Spring 2007
1. a. Your demand for drinks is given by Q = 20 – ½ P. The current price of drinks is $10. What is the maximum cover charge that you would be willing to pay to get into a bar that would sell you drinks for $5?
(Note: it would be difficult to answer this question without a graph.)
Q = 20 – ½ (10) = 15
Q = 20 – ½ (5) = 17.5
Original CS = $225
New CS = $306
Entry fee = $81 b. Now suppose that there are 100 customers with the demand curve shown above, and 200 customers with demand given by Q = 10 – ½ P. The bar estimates that its marginal cost per drink is $1. Find the combination of cover charge and drink price that maximizes profit.
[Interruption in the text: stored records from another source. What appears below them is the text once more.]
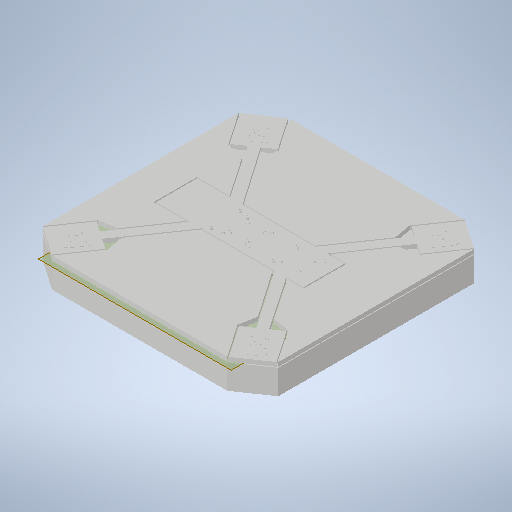
# Autodesk Inventor part: Base Model
Saved by Autodesk Inventor 2025.2 (Build 292293000, 293)
## iProperties
Created: 2026-04-26
Part Number: Base Model
Material: Generic
Document SubType Name: Modeling
Designer: crazi
Density: 1 g/cm^3
Appearance: Default
Author: crazi
Autodesk Inventor part; units mm, degrees
(part 1 of 2)
sketch "Sketch1" plane through (0, 0, 0) normal (0, 1, 0) x (-1, 0, 0)
  line L0 (0, 0) -> (180, 0)
  line L1 (180, 0) -> (180, -50)
  line L2 (180, -50) -> (0, -50)
  line L3 (0, -50) -> (0, 0)
  dimension "d0" = 180
  dimension "d1" = 50
  constraints: 8 end point, 2 parallel, 1 horizontal, 1 perpendicular
  measures "d0" distance of L1.end L2.end
  measures "d1" distance of L0.end L1.end
extrude "Extrusion1" add sketch "Sketch1" along normal blind 5
sketch "Sketch2" plane through (0, 5, 0) normal (0, 1, 0) x (1, 0, 0)
  circle A0 centre (-16, 40) radius 1.75
  circle A1 centre (-21.2113, 35) radius 1.25
  circle A2 centre (-41.2113, 35) radius 1.25
  circle A3 centre (-46.8088, 40.126) radius 1.75
  circle A4 centre (-67.6238, 42.9965) radius 1.75
  circle A5 centre (-78.624, 39.9965) radius 2.25
  circle A6 centre (-83.6239, 34.9965) radius 1.75
  circle A7 centre (-103.6239, 34.9965) radius 1.75
  circle A8 centre (-108.6238, 39.9965) radius 2.25
  circle A9 centre (-119.6241, 42.9965) radius 1.75
  dimension "d16" = 3.5
  dimension "d19" = 2.5
  dimension "d21" = 2.5
  dimension "d24" = 3.5
  dimension "d27" = 3.5
  dimension "d30" = 4.5
  dimension "d33" = 3.5
  dimension "d35" = 3.5
  dimension "d37" = 4.5
  dimension "d40" = 3.5
  constraints: 10 centre point
  measures "d16" diameter of A0
  measures "d19" diameter of A1
  measures "d21" diameter of A2
  measures "d24" diameter of A3
  measures "d27" diameter of A4
  measures "d30" diameter of A5
  measures "d33" diameter of A6
  measures "d35" diameter of A7
  measures "d37" diameter of A8
  measures "d40" diameter of A9
extrude "Extrusion2" cut sketch "Sketch2" against normal blind 5
ref_plane "Work Plane1" through (0, 0, -25) normal (0, 0, 1) x (1, 0, 0)
mirror "Mirror1" about plane through (0, 0, -25) normal (0, 0, 1) of "Extrusion2"
sketch "Sketch5" plane through (0, 5, 0) normal (0, 1, 0) x (1, 0, 0)
  line L0 (-138.8669, 50) -> (-183.4203, 115.2642) projected
  line L1 (-138.8669, 50) -> (-183.4203, 115.2642)
  line L2 (-195.9604, 106.6489) -> (-219.7435, 141.2663) projected
  line L3 (-183.4203, 115.2642) -> (-195.9604, 106.6489)
  line L4 (-195.9604, 106.6489) -> (-219.7435, 141.2663)
  line L5 (-185.2908, 164.9361) -> (-161.5078, 130.3186) projected
  line L6 (-185.2908, 164.9361) -> (-161.5078, 130.3186)
  line L7 (-174.0468, 121.7041) -> (-124.4667, 50) projected
  line L8 (-161.5078, 130.3186) -> (-174.0468, 121.7041)
  line L9 (-174.0468, 121.7041) -> (-124.4667, 50)
  line L10 (-124.4667, 50) -> (-138.8669, 50)
  line L11 (-185.2908, 164.9361) -> (-188.1099, 169.0656)
  line L12 (-185.2908, 164.9361) -> (-180.2908, 164.9361) construction
  line L13 (-219.7435, 141.2663) -> (-222.5748, 145.3874)
  line L14 (-219.7435, 141.2663) -> (-214.7435, 141.2663) construction
  line L15 (-222.5748, 145.3874) -> (-188.1099, 169.0656)
  point P0 (0, 0)
  dimension "d78" = 5
  dimension "d79" = 235.68
  dimension "d81" = 5
  dimension "d82" = 235.51
  constraints: 24 end point, 3 collinear, 3 horizontal, 2 equal length, 1 perpendicular
  measures "d78" distance of L5.start L11.end
  measures "d81" distance of L2.end L13.end
extrude "Extrusion4" add sketch "Sketch5" against normal blind 5
sketch "Sketch3" plane through (0, 5, 0) normal (0, 1, 0) x (1, 0, 0)
  circle A0 centre (-190.57, 135.7115) radius 3.625
  arc A1 (-199.3927, 136.0701) -> (-198.9803, 138.3982) centre (-198.448, 137.1033) ccw
  arc A2 (-198.9803, 138.3982) -> (-199.3927, 136.0701) centre (-199.925, 137.365) ccw
  line L0 (-128.6246, 34.9965) -> (-115.1826, 34.9965) construction
  line L1 (-187.6242, 137.824) -> (-185.6242, 137.824) construction
  line L2 (-190.57, 135.7115) -> (-179.67, 135.7115) construction
  line L3 (-190.57, 135.7115) -> (-169.67, 135.7115) construction
  point P0 (0, 0)
  dimension "d46" = 7.25
  dimension "d49" = 2.8
  dimension "d52" = 2.8
  constraints: 8 end point, 4 horizontal, 4 point on circle, 2 centre point, 1 coincident, 3 other
  measures "d49" diameter of A1
  measures "d52" diameter of A2
extrude "Extrusion5" cut sketch "Sketch3" against normal blind 5
pattern_circular "Circular Pattern1" count 4 over 360 about axis through (-190.57, 5, -135.7115) along (0, -1, 0) of "Extrusion5"
mirror "Mirror2" about plane through (0, 0, -25) normal (0, 0, 1) of "Extrusion5", "Circular Pattern1", "Extrusion4"
ref_plane "Work Plane3" through (-80, 0, -50) normal (-1, 0, 0) x (0, 1, 0)
ref_plane "Work Plane2" through (0, 0, -50) normal (-1, 0, 0) x (0, 1, 0)
mirror "Mirror3" about plane through (-80, 0, -50) normal (-1, 0, 0) of "Extrusion5", "Circular Pattern1", "Extrusion4", "Mirror2"
sketch "Sketch6" plane through (0, 0, 0) normal (0, -1, 0) x (1, 0, 0)
  line L0 (0, 0) -> (-7, 0)
  line L1 (-7, 0) -> (-7, -50)
  line L2 (-7, -50) -> (0, -50)
  line L3 (0, -50) -> (0, 0)
  circle A0 centre (-46.8088, -9.874) radius 1.75 projected
  arc A1 (-55.5237, -15) -> (-60.0237, -15) centre (-57.7737, -15) ccw
  circle A2 centre (-46.8088, -40.126) radius 1.75 projected
  arc A3 (-60.0237, -35) -> (-55.5237, -35) centre (-57.7737, -35) ccw
  line L4 (-60.0237, -35) -> (-60.0237, -15)
  line L5 (-55.5237, -35) -> (-55.5237, -15)
  circle A4 centre (-119.6241, -7.0035) radius 1.75 projected
  arc A5 (-126.7246, -15.0035) -> (-131.2246, -15.0035) centre (-128.9746, -15.0035) ccw
  circle A6 centre (-119.6241, -42.9965) radius 1.75 projected
  arc A7 (-131.2246, -34.9965) -> (-126.7246, -34.9965) centre (-128.9746, -34.9965) ccw
  line L6 (-131.2246, -34.9965) -> (-131.2246, -15.0035)
  line L7 (-126.7246, -15.0035) -> (-126.7246, -34.9965)
  line L8 (-180, -50) -> (-160, -50)
  line L9 (-160, 0) -> (-180, 0)
  line L10 (-180, -37.5) -> (-160, -37.5)
  line L11 (-180, -12.5) -> (-160, -12.5)
  line L12 (-180, -12.5) -> (-180, 0)
  line L13 (-180, -37.5) -> (-180, -50)
  line L14 (-160, -50) -> (-160, -37.5)
  line L15 (-160, -12.5) -> (-160, 0)
  line L16 (-138.8669, -50) -> (-124.4667, -50)
  line L17 (-124.4667, -50) -> (-124.4667, -47)
  line L18 (-124.4667, -47) -> (-138.8669, -47)
  line L19 (-138.8669, -47) -> (-138.8669, -50)
  line L20 (-138.8669, 0) -> (-124.4667, 0)
  line L21 (-124.4667, 0) -> (-124.4667, -3)
  line L22 (-124.4667, -3) -> (-138.8669, -3)
  line L23 (-138.8669, -3) -> (-138.8669, 0)
  line L24 (14.0468, 71.7041) -> (-35.5333, 0) projected
  line L25 (-35.5333, 0) -> (-21.1331, 0)
  line L26 (-21.1331, 0) -> (-21.1331, -3)
  line L27 (-21.1331, -3) -> (-35.5333, -3)
  line L28 (-35.5333, -3) -> (-35.5333, 0)
  line L29 (-35.5333, -50) -> (-21.1331, -50)
  line L30 (-21.1331, -50) -> (-21.1331, -47)
  line L31 (-21.1331, -47) -> (-35.5333, -47)
  line L32 (-35.5333, -47) -> (-35.5333, -50)
  dimension "d83" = 7
  dimension "d84" = 50
  dimension "d87" = 4.5
  dimension "d89" = 4.5
  dimension "d92" = 4.5
  dimension "d95" = 4.5
  dimension "d96" = 20
  dimension "d125" = 3
  dimension "d126" = 3
  constraints: 64 end point, 12 perpendicular, 11 parallel, 8 point on circle, 7 tangent, 6 horizontal, 4 centre point, 1 point on line, 1 vertical
  measures "d83" distance of L2.end L1.end
  measures "d84" distance of L1.end L0.end
  measures "d87" diameter of A1
  measures "d89" diameter of A3
  measures "d92" diameter of A5
  measures "d95" diameter of A7
  measures "d96" distance of L9.end L9.start
  measures "d125" distance of L17.end L16.end
  measures "d126" distance of L20.end L21.end
extrude "Extrusion6" add sketch "Sketch6" along normal blind 25 contours L3 L2 L1 L0 | L5 A3 L4 A1 | L7 A7 L6 A5 | L13 L10 L14 L8 | L15 L11 L12 L9 | L19 L18 L17 L16 | L20 L21 L22 L23 | L25 L26 L27 L28 | L32 L31 L30 L29
fillet "Fillet1" radius 1 8 edges at (-199.3927, 2.5, -136.0701) (-198.9803, 2.5, -138.3982) (-193.2567, 2.5, -127.3012) (-190.9286, 2.5, -126.8888) (-187.8834, 2.5, -144.1218) (-181.7473, 2.5, -135.3529) (-190.2114, 2.5, -144.5342) (-182.1597, 2.5, -133.0249)
ref_plane "Work Plane6" through (0, -25, 0) normal (0, -1, 0) x (1, 0, 0)
sketch "Sketch7" plane through (0, -25, 0) normal (0, -1, 0) x (1, 0, 0)
  line L0 (-180, -50) -> (-160, -50) projected
  line L1 (0, 0) -> (-180, 0)
  line L2 (-180, 0) -> (-180, -50)
  line L3 (-180, -50) -> (0, -50)
  line L4 (0, -50) -> (0, 0)
  line L5 (-41.2113, -35) -> (-21.2113, -35)
  line L6 (-21.2113, -35) -> (-21.2113, -15)
  line L7 (-21.2113, -15) -> (-41.2113, -15)
  line L8 (-41.2113, -35) -> (-48.2113, -35)
  line L9 (-48.2113, -35) -> (-48.2113, -15)
  line L10 (-48.2113, -15) -> (-41.2113, -15)
  line L11 (-126.7246, -34.9965) -> (-116.7246, -34.9965) construction
  circle A0 centre (-118.0644, -29.9965) radius 1.75
  line L12 (-126.7246, -15.0035) -> (-116.7246, -15.0035) construction
  line L13 (-60.0237, -35) -> (-50.0237, -35) construction
  circle A1 centre (-68.684, -30) radius 1.75
  line L14 (-60.0237, -15) -> (-50.0237, -15) construction
  circle A2 centre (-68.684, -20) radius 1.75
  line L15 (-126.7246, -15.0035) -> (-116.7246, -15.0035) construction
  circle A3 centre (-118.0644, -20.0035) radius 1.75
  point P0 (-55.5237, -35)
  dimension "d105" = 20
  dimension "d106" = 7
  dimension "d109" = 3.5
  dimension "d114" = 3.5
  dimension "d117" = 3.5
  dimension "d120" = 3.5
  constraints: 30 end point, 8 horizontal, 4 centre point, 4 parallel, 3 perpendicular
  measures "d105" distance of L6.end L7.end
  measures "d106" distance of L9.end L10.end
  measures "d109" diameter of A0
  measures "d114" diameter of A1
  measures "d117" diameter of A2
  measures "d120" diameter of A3
extrude "Extrusion7" add sketch "Sketch7" along normal blind 6
sketch "Sketch8" plane through (0, -31, 0) normal (0, -1, 0) x (1, 0, 0)
  line L0 (-68.684, -20) -> (-58.684, -20) construction
  line L1 (-126.7246, -34.9965) -> (-60.0237, -35)
  line L2 (-60.0237, -15) -> (-60.0237, -35)
  line L3 (-60.0237, -15) -> (-126.7246, -15.0035)
  line L4 (-126.7246, -15.0035) -> (-126.7246, -34.9965)
  point P0 (0, 0)
  dimension "d121" = 10
  constraints: 10 end point, 1 horizontal
  measures "d121" distance of L0.start L2.start
extrude "Extrusion8" cut sketch "Sketch8" against normal blind 1
sketch "Sketch9" plane through (-55.5237, 0, -15) normal (1, 0, 0) x (0, 0, -1)
  line L0 (14.9965, -18) -> (5.0035, -18)
  line L1 (5.0035, -18) -> (5.0035, -8)
  line L2 (5.0035, -8) -> (14.9965, -8)
  line L3 (14.9965, -8) -> (14.9965, -18)
  point P0 (-15, 0)
  point P1 (0.0035, -25)
  dimension "d130" = 10
  constraints: 8 end point, 2 parallel, 1 horizontal, 1 perpendicular
  measures "d130" distance of L0.end L1.end
extrude "Extrusion9" cut sketch "Sketch9" along normal blind 56.224 and the other way blind 3.8
sketch "Sketch10" plane through (0, 5, 0) normal (0, 1, 0) x (1, 0, 0)
  circle A0 centre (-16, 40) radius 1.75 projected
  circle A1 centre (-21.2113, 35) radius 1.25 projected
  circle A2 centre (-21.2113, 15) radius 1.25 projected
  circle A3 centre (-16, 10) radius 1.75 projected
  circle A4 centre (-41.2113, 35) radius 1.25 projected
  circle A5 centre (-46.8088, 40.126) radius 1.75 projected
  circle A6 centre (-41.2113, 15) radius 1.25 projected
  circle A7 centre (-46.8088, 9.874) radius 1.75 projected
  circle A8 centre (-67.6238, 7.0035) radius 1.75 projected
  circle A9 centre (-78.624, 10.0035) radius 2.25 projected
  circle A10 centre (-83.6239, 15.0035) radius 1.75 projected
  circle A11 centre (-83.6239, 34.9965) radius 1.75 projected
  circle A12 centre (-78.624, 39.9965) radius 2.25 projected
  circle A13 centre (-67.6238, 42.9965) radius 1.75 projected
  circle A14 centre (-103.6239, 34.9965) radius 1.75 projected
  circle A15 centre (-108.6238, 39.9965) radius 2.25 projected
  circle A16 centre (-119.6241, 42.9965) radius 1.75 projected
  circle A17 centre (-103.6239, 15.0035) radius 1.75 projected
  circle A18 centre (-108.6238, 10.0035) radius 2.25 projected
  circle A19 centre (-119.6241, 7.0035) radius 1.75 projected
  circle A20 centre (-190.57, -85.7115) radius 3.625 projected
  arc A21 (-182.4932, -82.9339) -> (-182.0292, -85.5529) centre (-182.692, -84.3197) ccw projected
  arc A22 (-181.4138, -85.4439) -> (-182.0292, -85.5529) centre (-181.5558, -86.4337) ccw projected
  arc A23 (-181.4138, -85.4439) -> (-181.8778, -82.8249) centre (-181.215, -84.0581) ccw projected
  arc A24 (-182.4932, -82.9339) -> (-181.8778, -82.8249) centre (-182.3512, -81.944) ccw projected
  arc A25 (-187.7924, -93.7883) -> (-190.4114, -94.2523) centre (-189.1782, -93.5895) ccw projected
  arc A26 (-187.7924, -93.7883) -> (-187.6834, -94.4037) centre (-186.8025, -93.9303) ccw projected
  arc A27 (-190.3024, -94.8677) -> (-187.6834, -94.4037) centre (-188.9166, -95.0665) ccw projected
  arc A28 (-190.3024, -94.8677) -> (-190.4114, -94.2523) centre (-191.2922, -94.7257) ccw projected
  arc A29 (-193.3476, -77.6347) -> (-193.4567, -77.0193) centre (-194.3375, -77.4927) ccw projected
  arc A30 (-193.3476, -77.6347) -> (-190.7287, -77.1707) centre (-191.9618, -77.8335) ccw projected
  arc A31 (-190.8377, -76.5553) -> (-190.7287, -77.1707) centre (-189.8478, -76.6973) ccw projected
  arc A32 (-190.8377, -76.5553) -> (-193.4567, -77.0193) centre (-192.2235, -76.3565) ccw projected
  arc A33 (-198.6468, -88.4891) -> (-199.1108, -85.8702) centre (-198.448, -87.1033) ccw projected
  arc A34 (-199.7262, -85.9792) -> (-199.1108, -85.8702) centre (-199.5842, -84.9893) ccw projected
  arc A35 (-199.7262, -85.9792) -> (-199.2622, -88.5982) centre (-199.925, -87.365) ccw projected
  circle A36 centre (30.57, -85.7115) radius 3.625 projected
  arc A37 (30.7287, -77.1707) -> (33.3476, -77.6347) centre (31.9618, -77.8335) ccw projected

How many people will come to the bar, and what will profit be?
(Note: don't expect the cover charges to be anything that you'd reasonably pay to go to a bar; it would take me too long to work that out!)
At a price of $1/drink, the first group will buy 19.5 drinks, and the second group will buy 9.5 drinks. (You should probably round these to the nearest whole number, but I carried it out.)
CS for first group= ½ (40-1)(19.5) =$380
CS for second group = ½ (20-1)(9.5) = $90.
If you charge a $90 entry fee, ALL consumers will come, and profit will be (300)(90) = $27,000
If you charge a $380 entry fee, the second group will not come. Thus you will have 100 customers, and your profit will be (380)(100) = $38,000.
In this case, it is better to charge the higher fee and exclude the low-demand consumers.
2. There are two consumer groups, students and non-students.
Demand for students: Q = 1000 – 2P
Demand for non-students: Q = 1500 – 2P
MC = AC = 100 a. Find the profit-maximizing price/quantity combination in each market if the groups can be separated.
Calculate CS, PS, and DWL.
Students: Q = 400, P = $300
CS = 40,000
PS = 80,000
DWL = 40,000
Nonstudents: Q = 650, P = $425
CS = 105,625
PS = 211,250
DWL = 105,625

b. Find the profit-maximizing price/quantity combination if the groups cannot be separated. Calculate CS,
PS, and DWL.
(Hint: to do this, you have to add up the demand curves above, as we discussed in class. Remember that when you add demand curves, you have to be sure to add quantities, not prices. Then DRAW the demand curve and think about what it would really look like, since no one in the student market will buy anything at all unless the price is less than $500.)
Q = 1050, P = $362.50
CS = 169, 062.50
PS = 275,625
DWL = 137,812.50 c. Carefully explain why your results are different and who wins and who loses from the price discrimination scheme, and WHY the outcomes are different.
Society as a whole loses from the price discrimination scheme as opposed to the single-price monopolist.
We know this because deadweight loss is higher for the price discrimination outcome. If you think about the reason why, that’s because less is sold to the higher-value consumers and more to the lower value consumers. This is what we would call a Pareto-inferior result, because social welfare could obviously be increased if some students trade their units to the non-students (who would be willing to pay more for them than the students paid, and thus both groups are better off).